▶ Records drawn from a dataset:
------
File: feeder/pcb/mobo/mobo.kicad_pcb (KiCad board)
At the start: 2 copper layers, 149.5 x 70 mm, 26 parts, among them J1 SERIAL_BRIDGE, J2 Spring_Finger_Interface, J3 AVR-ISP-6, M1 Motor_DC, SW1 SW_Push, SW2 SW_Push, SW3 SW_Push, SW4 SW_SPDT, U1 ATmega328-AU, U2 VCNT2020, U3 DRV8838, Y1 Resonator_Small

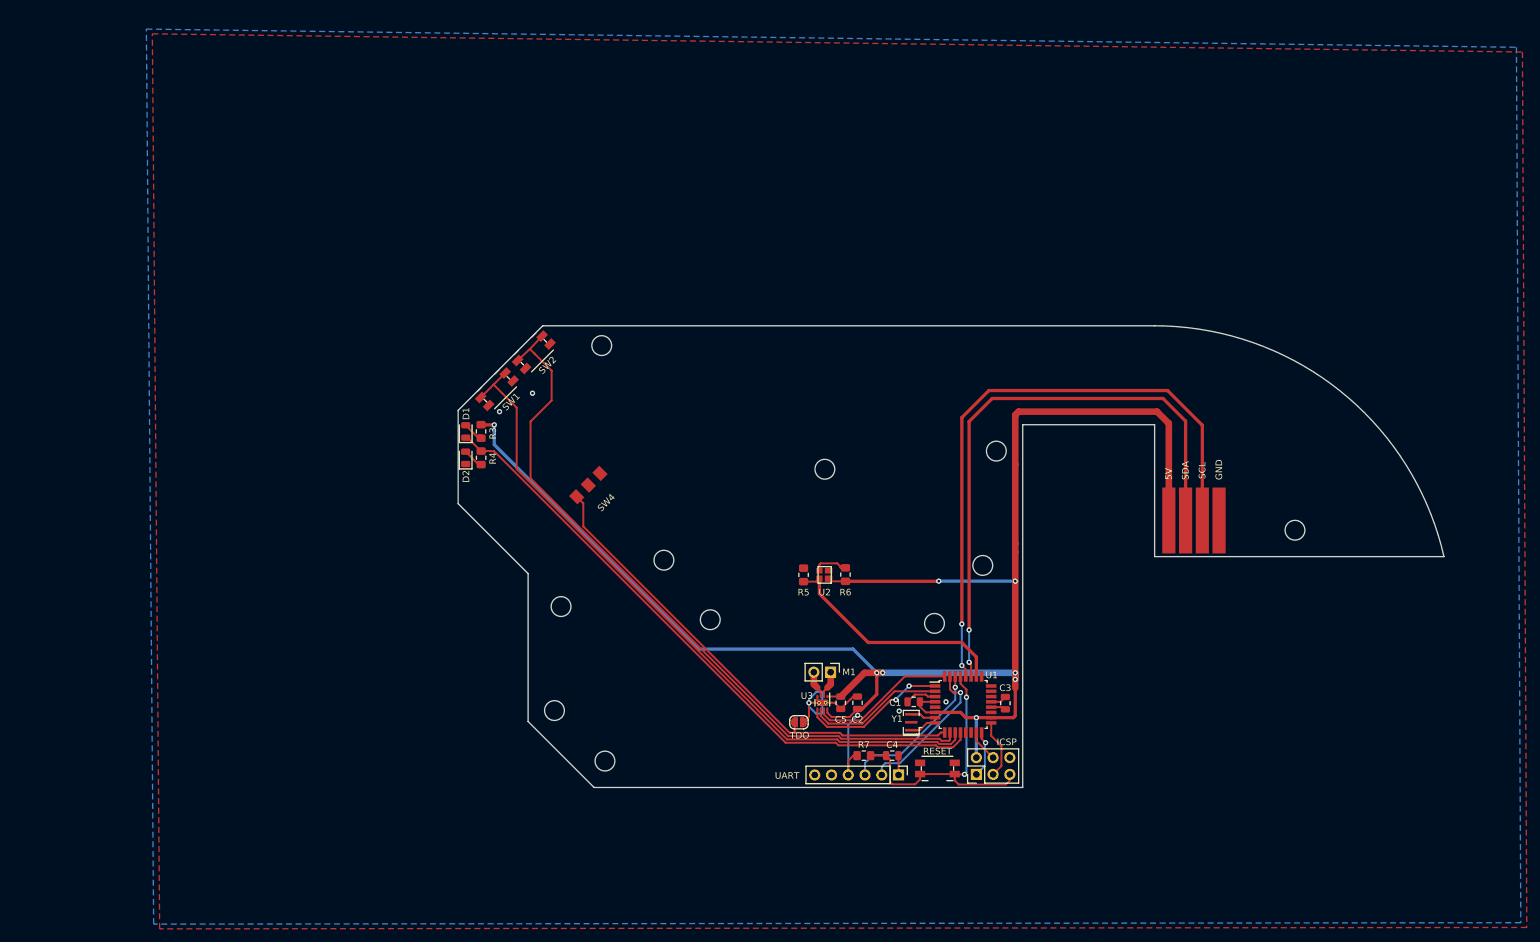
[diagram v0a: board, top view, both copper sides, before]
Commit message: first commit for stm32 feeder!
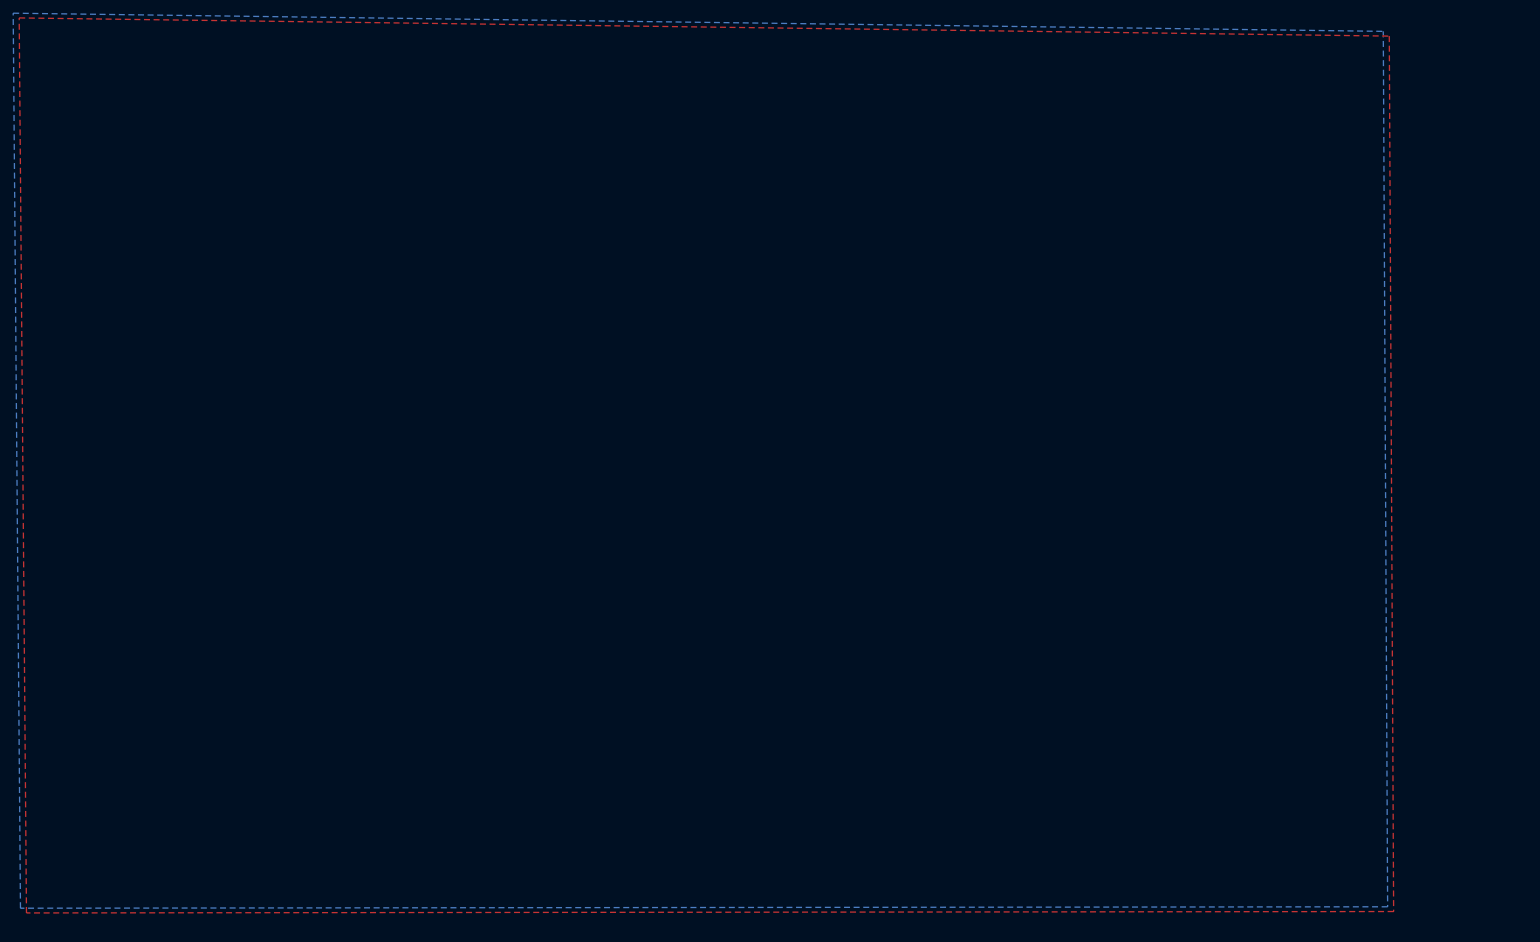
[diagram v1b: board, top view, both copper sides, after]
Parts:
- removed C1: 10uF, Capacitor_SMD:C_0805_2012Metric
- removed C2, C3, C4, C5: 0.1uF, Capacitor_SMD:C_0805_2012Metric
- removed D1: LED1, LED_SMD:LED_0805_2012Metric
- removed D2: LED2, LED_SMD:LED_0805_2012Metric
- removed G***: LOGO, stephen:stephenEmblem
- removed J1: SERIAL_BRIDGE, Connector_PinHeader_2.54mm:PinHeader_1x06_P2.54mm_Vertical
- removed J2: Spring_Finger_Interface, stephen:springFingerContactPads_4x
- removed J3: AVR-ISP-6, Connector_PinHeader_2.54mm:PinHeader_2x03_P2.54mm_Vertical
- removed JP1: TAPE_DETECT_OVERRIDE, Jumper:SolderJumper-2_P1.3mm_Open_RoundedPad1.0x1.5mm
- removed M1: Motor_DC, Connector_PinHeader_2.54mm:PinHeader_1x02_P2.54mm_Vertical
- removed R3, R4, R6: 470R, Resistor_SMD:R_0805_2012Metric_Pad1.15x1.40mm_HandSolder
- removed R5, R7: 10K, Resistor_SMD:R_0805_2012Metric_Pad1.15x1.40mm_HandSolder
- removed SW1, SW2, SW3: SW_Push, Button_Switch_SMD:Panasonic_EVQPUJ_EVQPUA
- removed SW4: SW_SPDT, stephen:MDS6500AL02SR
- removed U1: ATmega328-AU, Package_QFP:TQFP-32_7x7mm_P0.8mm
- removed U2: VCNT2020, stephen:VCNT2020
- removed U3: DRV8838, Package_SON:WSON-8-1EP_2x2mm_P0.5mm_EP0.9x1.6mm_ThermalVias
- removed Y1: Resonator_Small, Crystal:Resonator_SMD_muRata_CSTxExxV-3Pin_3.0x1.1mm
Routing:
- net +5V: track 273.6 -> 0.00 mm, vias 9 -> 0
- net SW2: track 108.8 -> 0.00 mm
- net SW1: track 104.7 -> 0.00 mm
- net LED1: track 96.8 -> 0.00 mm
- net SCL: track 93.9 -> 0.00 mm, vias 2 -> 0
- net SDA: track 89.1 -> 0.00 mm, vias 2 -> 0
- net LIMIT: track 74.7 -> 0.00 mm
- net RST: track 45.2 -> 0.00 mm, vias 2 -> 0
- net OPTO_SIG: track 35.6 -> 0.00 mm
- net GND: track 29.3 -> 0.00 mm, vias 5 -> 0
- net RX: track 23.0 -> 0.00 mm, vias 1 -> 0
- net TX: track 22.5 -> 0.00 mm, vias 1 -> 0
- net EN: track 22.3 -> 0.00 mm, vias 2 -> 0
- net nSLEEP: track 22.2 -> 0.00 mm
- net PH: track 20.9 -> 0.00 mm
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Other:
- board outline removed
- board text removed: "5V"
- board text removed: "FEEDER MOBO v0.2.0 2004XX Index PNP"
- board text removed: "GND"
- board text removed: "ICSP"
- board text removed: "RESET"
- board text removed: "SCL"
- board text removed: "SDA"
- board text removed: "TDO"
- board text removed: "UART"

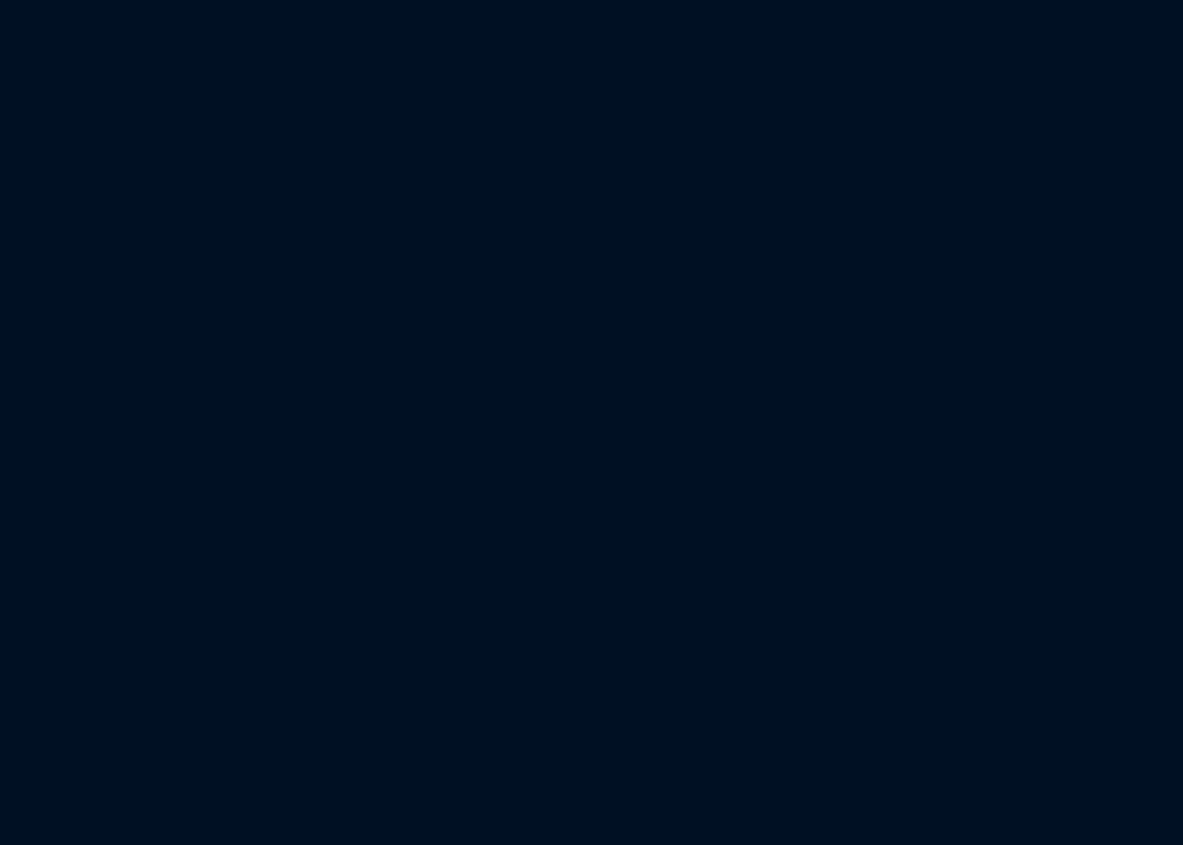
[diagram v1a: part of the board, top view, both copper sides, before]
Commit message: added footprint for limit switch
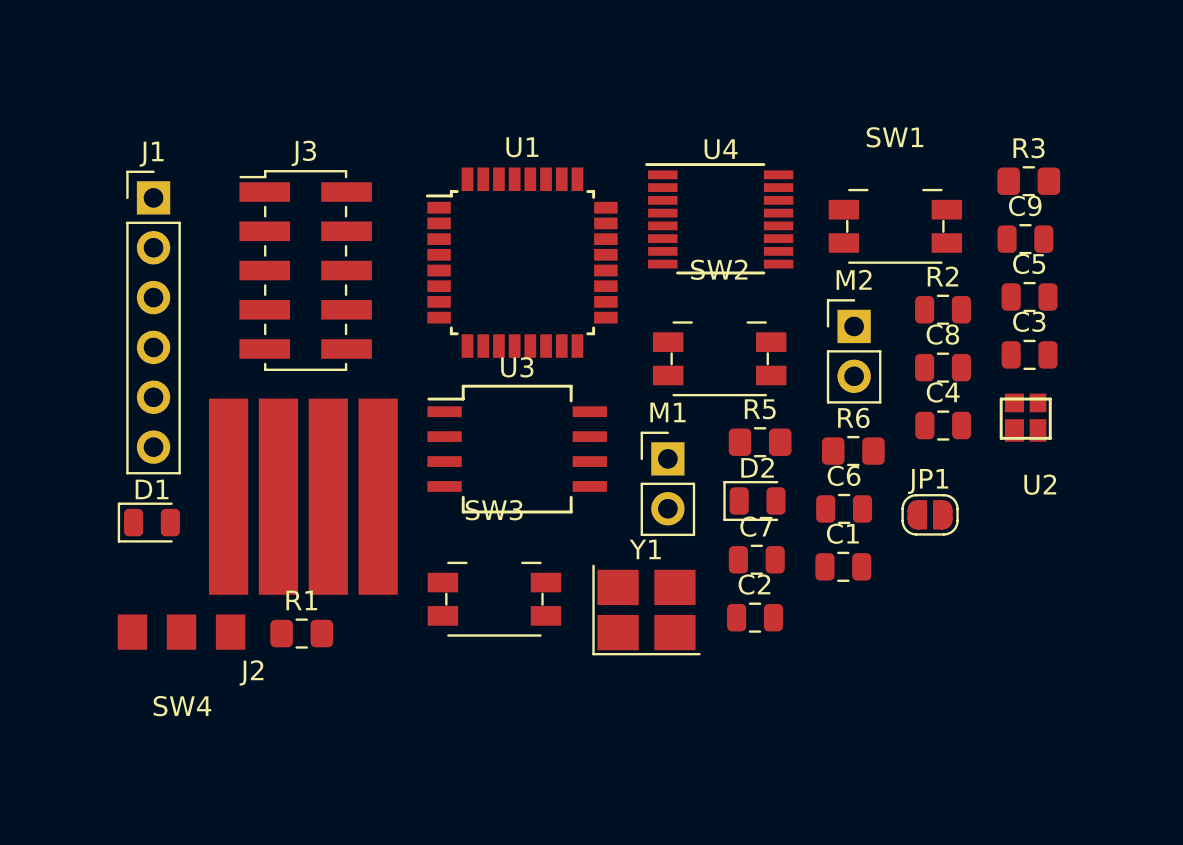
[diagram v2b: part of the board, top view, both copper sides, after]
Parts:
- added C1: 0.1uF, Capacitor_SMD:C_0805_2012Metric, F.Cu at (194.8, 158.6)
- added C2: 4.7uF, Capacitor_SMD:C_0805_2012Metric, F.Cu at (190.3, 161.2)
- added C3: 0.1uF, Capacitor_SMD:C_0805_2012Metric, F.Cu at (204.3, 147.8)
- added C4: 0.1uF, Capacitor_SMD:C_0805_2012Metric, F.Cu at (199.9, 151.4)
- added C5: 0.01uF, Capacitor_SMD:C_0805_2012Metric, F.Cu at (204.3, 144.9)
- added C6: 10pF, Capacitor_SMD:C_0805_2012Metric, F.Cu at (194.8, 155.7)
- added C7: 10pF, Capacitor_SMD:C_0805_2012Metric, F.Cu at (190.4, 158.3)
- added C8: 2.2uF, Capacitor_SMD:C_0805_2012Metric, F.Cu at (199.9, 148.5)
- added C9: 10uF, Capacitor_SMD:C_0805_2012Metric, F.Cu at (204.1, 141.9)
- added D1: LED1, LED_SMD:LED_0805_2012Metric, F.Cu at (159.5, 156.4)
------
▶ WHAT NEEDS TO BE DONE: What is needed is a verbatim copy of the entries, leaving out any pictures.

▶ EXERCISE OUTPUT:
File: feeder/pcb/mobo/mobo.kicad_pcb (KiCad board)
At the start: 2 copper layers, 149.5 x 70 mm, 26 parts, among them J1 SERIAL_BRIDGE, J2 Spring_Finger_Interface, J3 AVR-ISP-6, M1 Motor_DC, SW1 SW_Push, SW2 SW_Push, SW3 SW_Push, SW4 SW_SPDT, U1 ATmega328-AU, U2 VCNT2020, U3 DRV8838, Y1 Resonator_Small

[diagram v0a: board, top view, both copper sides, before]
Commit message: first commit for stm32 feeder!
[diagram v1b: board, top view, both copper sides, after]
Parts:
- removed C1: 10uF, Capacitor_SMD:C_0805_2012Metric
- removed C2, C3, C4, C5: 0.1uF, Capacitor_SMD:C_0805_2012Metric
- removed D1: LED1, LED_SMD:LED_0805_2012Metric
- removed D2: LED2, LED_SMD:LED_0805_2012Metric
- removed G***: LOGO, stephen:stephenEmblem
- removed J1: SERIAL_BRIDGE, Connector_PinHeader_2.54mm:PinHeader_1x06_P2.54mm_Vertical
- removed J2: Spring_Finger_Interface, stephen:springFingerContactPads_4x
- removed J3: AVR-ISP-6, Connector_PinHeader_2.54mm:PinHeader_2x03_P2.54mm_Vertical
- removed JP1: TAPE_DETECT_OVERRIDE, Jumper:SolderJumper-2_P1.3mm_Open_RoundedPad1.0x1.5mm
- removed M1: Motor_DC, Connector_PinHeader_2.54mm:PinHeader_1x02_P2.54mm_Vertical
- removed R3, R4, R6: 470R, Resistor_SMD:R_0805_2012Metric_Pad1.15x1.40mm_HandSolder
- removed R5, R7: 10K, Resistor_SMD:R_0805_2012Metric_Pad1.15x1.40mm_HandSolder
- removed SW1, SW2, SW3: SW_Push, Button_Switch_SMD:Panasonic_EVQPUJ_EVQPUA
- removed SW4: SW_SPDT, stephen:MDS6500AL02SR
- removed U1: ATmega328-AU, Package_QFP:TQFP-32_7x7mm_P0.8mm
- removed U2: VCNT2020, stephen:VCNT2020
- removed U3: DRV8838, Package_SON:WSON-8-1EP_2x2mm_P0.5mm_EP0.9x1.6mm_ThermalVias
- removed Y1: Resonator_Small, Crystal:Resonator_SMD_muRata_CSTxExxV-3Pin_3.0x1.1mm
Routing:
- net +5V: track 273.6 -> 0.00 mm, vias 9 -> 0
- net SW2: track 108.8 -> 0.00 mm
- net SW1: track 104.7 -> 0.00 mm
- net LED1: track 96.8 -> 0.00 mm
- net SCL: track 93.9 -> 0.00 mm, vias 2 -> 0
- net SDA: track 89.1 -> 0.00 mm, vias 2 -> 0
- net LIMIT: track 74.7 -> 0.00 mm
- net RST: track 45.2 -> 0.00 mm, vias 2 -> 0
- net OPTO_SIG: track 35.6 -> 0.00 mm
- net GND: track 29.3 -> 0.00 mm, vias 5 -> 0
- net RX: track 23.0 -> 0.00 mm, vias 1 -> 0
- net TX: track 22.5 -> 0.00 mm, vias 1 -> 0
- net EN: track 22.3 -> 0.00 mm, vias 2 -> 0
- net nSLEEP: track 22.2 -> 0.00 mm
- net PH: track 20.9 -> 0.00 mm
Other:
- board outline removed
- board text removed: "5V"
- board text removed: "FEEDER MOBO v0.2.0 2004XX Index PNP"
- board text removed: "GND"
- board text removed: "ICSP"
- board text removed: "RESET"
- board text removed: "SCL"
- board text removed: "SDA"
- board text removed: "TDO"
- board text removed: "UART"

[diagram v1a: part of the board, top view, both copper sides, before]
Commit message: added footprint for limit switch
[diagram v2b: part of the board, top view, both copper sides, after]
Parts:
- added C1: 0.1uF, Capacitor_SMD:C_0805_2012Metric, F.Cu at (194.8, 158.6)
- added C2: 4.7uF, Capacitor_SMD:C_0805_2012Metric, F.Cu at (190.3, 161.2)
- added C3: 0.1uF, Capacitor_SMD:C_0805_2012Metric, F.Cu at (204.3, 147.8)
- added C4: 0.1uF, Capacitor_SMD:C_0805_2012Metric, F.Cu at (199.9, 151.4)
- added C5: 0.01uF, Capacitor_SMD:C_0805_2012Metric, F.Cu at (204.3, 144.9)
- added C6: 10pF, Capacitor_SMD:C_0805_2012Metric, F.Cu at (194.8, 155.7)
- added C7: 10pF, Capacitor_SMD:C_0805_2012Metric, F.Cu at (190.4, 158.3)
- added C8: 2.2uF, Capacitor_SMD:C_0805_2012Metric, F.Cu at (199.9, 148.5)
- added C9: 10uF, Capacitor_SMD:C_0805_2012Metric, F.Cu at (204.1, 141.9)
- added D1: LED1, LED_SMD:LED_0805_2012Metric, F.Cu at (159.5, 156.4)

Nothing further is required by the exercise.